> _Information shown_:
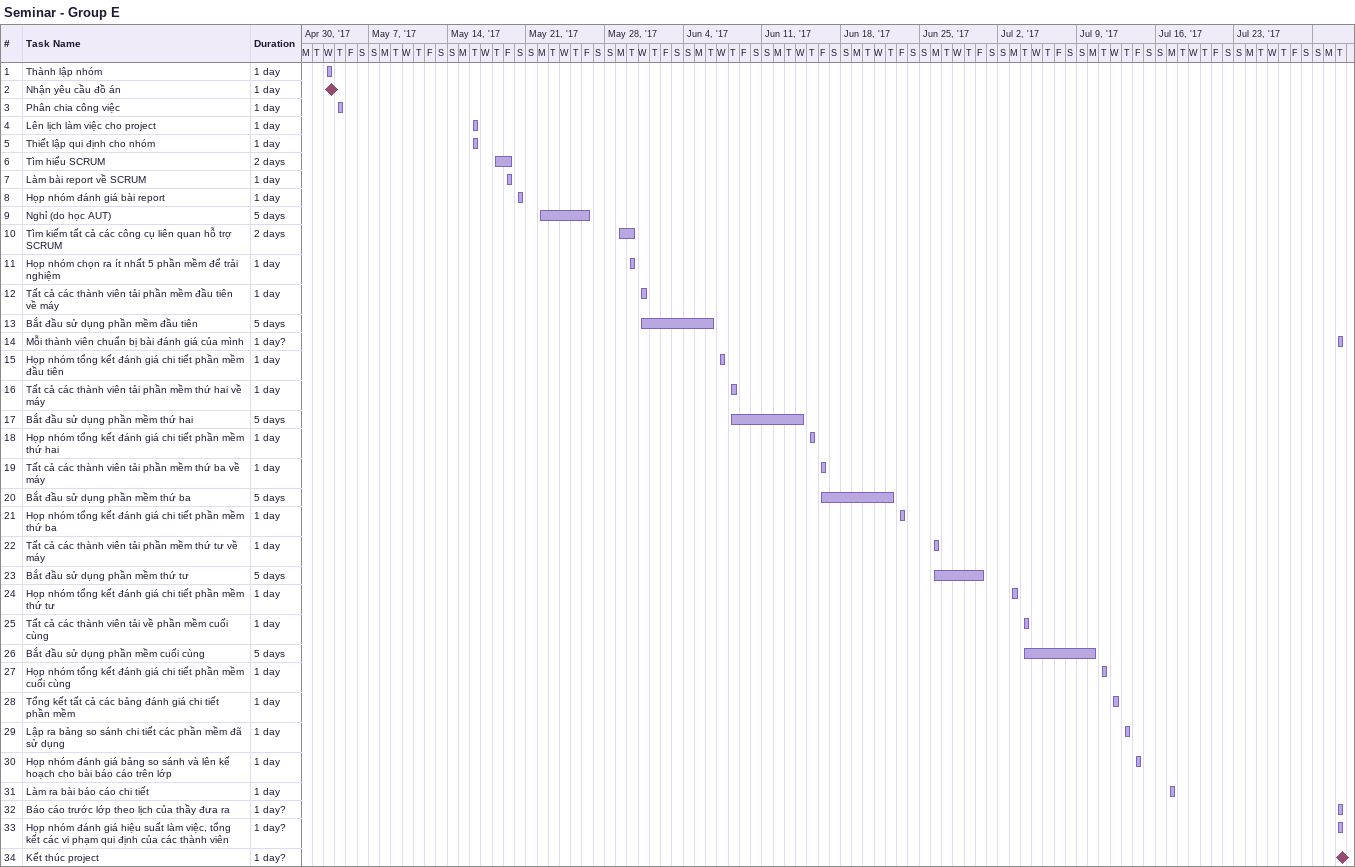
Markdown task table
Seminar - Group E

| ID | Task | Duration | Start | Finish |
|---|---|---|---|---|
| 1 | Thành lập nhóm | 1d | 2017-05-03 | 2017-05-03 |
| 2 | Nhận yêu cầu đồ án | 1d | 2017-05-03 | 2017-05-03 |
| 3 | Phân chia công việc | 1d | 2017-05-04 | 2017-05-04 |
| 4 | Lên lịch làm việc cho project | 1d | 2017-05-16 | 2017-05-16 |
| 5 | Thiết lập qui định cho nhóm | 1d | 2017-05-16 | 2017-05-16 |
| 6 | Tìm hiểu SCRUM | 2d | 2017-05-18 | 2017-05-19 |
| 7 | Làm bài report về SCRUM | 1d | 2017-05-19 | 2017-05-19 |
| 8 | Họp nhóm đánh giá bài report | 1d | 2017-05-20 | 2017-05-20 |
| 9 | Nghỉ (do học AUT) | 5d | 2017-05-22 | 2017-05-26 |
| 10 | Tìm kiếm tất cả các công cụ liên quan hỗ trợ SCRUM | 2d | 2017-05-29 | 2017-05-30 |
| 11 | Họp nhóm chọn ra ít nhất 5 phần mềm để trải nghiệm | 1d | 2017-05-30 | 2017-05-30 |
| 12 | Tất cả các thành viên tải phần mềm đầu tiên về máy | 1d | 2017-05-31 | 2017-05-31 |
| 13 | Bắt đầu sử dụng phần mềm đầu tiên | 5d | 2017-05-31 | 2017-06-06 |
| 14 | Mỗi thành viên chuẩn bị bài đánh giá của mình | 1d? | 2017-08-01 | 2017-08-01 |
| 15 | Họp nhóm tổng kết đánh giá chi tiết phần mềm đầu tiên | 1d | 2017-06-07 | 2017-06-07 |
| 16 | Tất cả các thành viên tải phần mềm thứ hai về máy | 1d | 2017-06-08 | 2017-06-08 |
| 17 | Bắt đầu sử dụng phần mềm thứ hai | 5d | 2017-06-08 | 2017-06-14 |
| 18 | Họp nhóm tổng kết đánh giá chi tiết phần mềm thứ hai | 1d | 2017-06-15 | 2017-06-15 |
| 19 | Tất cả các thành viên tải phần mềm thứ ba về máy | 1d | 2017-06-16 | 2017-06-16 |
| 20 | Bắt đầu sử dụng phần mềm thứ ba | 5d | 2017-06-16 | 2017-06-22 |
| 21 | Họp nhóm tổng kết đánh giá chi tiết phần mềm thứ ba | 1d | 2017-06-23 | 2017-06-23 |
| 22 | Tất cả các thành viên tải phần mềm thứ tư về máy | 1d | 2017-06-26 | 2017-06-26 |
| 23 | Bắt đầu sử dụng phần mềm thứ tư | 5d | 2017-06-26 | 2017-06-30 |
| 24 | Họp nhóm tổng kết đánh giá chi tiết phần mềm thứ tư | 1d | 2017-07-03 | 2017-07-03 |
| 25 | Tất cả các thành viên tải về phần mềm cuối cùng | 1d | 2017-07-04 | 2017-07-04 |
| 26 | Bắt đầu sử dụng phần mềm cuối cùng | 5d | 2017-07-04 | 2017-07-10 |
| 27 | Họp nhóm tổng kết đánh giá chi tiết phần mềm cuối cùng | 1d | 2017-07-11 | 2017-07-11 |
| 28 | Tổng kết tất cả các bảng đánh giá chi tiết phần mềm | 1d | 2017-07-12 | 2017-07-12 |
| 29 | Lập ra bảng so sánh chi tiết các phần mềm đã sử dụng | 1d | 2017-07-13 | 2017-07-13 |
| 30 | Họp nhóm đánh giá bảng so sánh và lên kế hoạch cho bài báo cáo trên lớp | 1d | 2017-07-14 | 2017-07-14 |
| 31 | Làm ra bài báo cáo chi tiết | 1d | 2017-07-17 | 2017-07-17 |
| 32 | Báo cáo trước lớp theo lịch của thầy đưa ra | 1d? | 2017-08-01 | 2017-08-01 |
| 33 | Họp nhóm đánh giá hiệu suất làm việc, tổng kết các vi phạm qui định của các thành viên | 1d? | 2017-08-01 | 2017-08-01 |
| 34 | Kết thúc project | 1d? | 2017-08-01 | 2017-08-01 |

> _Action item_:
Working from the records above, write out verbatim only the lines from the line containing "2017-05-29 | 2017-05-30 |" through the line containing "2017-05-31 | 2017-06-06 |".

> _Finished task_:
| 10 | Tìm kiếm tất cả các công cụ liên quan hỗ trợ SCRUM | 2d | 2017-05-29 | 2017-05-30 |
| 11 | Họp nhóm chọn ra ít nhất 5 phần mềm để trải nghiệm | 1d | 2017-05-30 | 2017-05-30 |
| 12 | Tất cả các thành viên tải phần mềm đầu tiên về máy | 1d | 2017-05-31 | 2017-05-31 |
| 13 | Bắt đầu sử dụng phần mềm đầu tiên | 5d | 2017-05-31 | 2017-06-06 |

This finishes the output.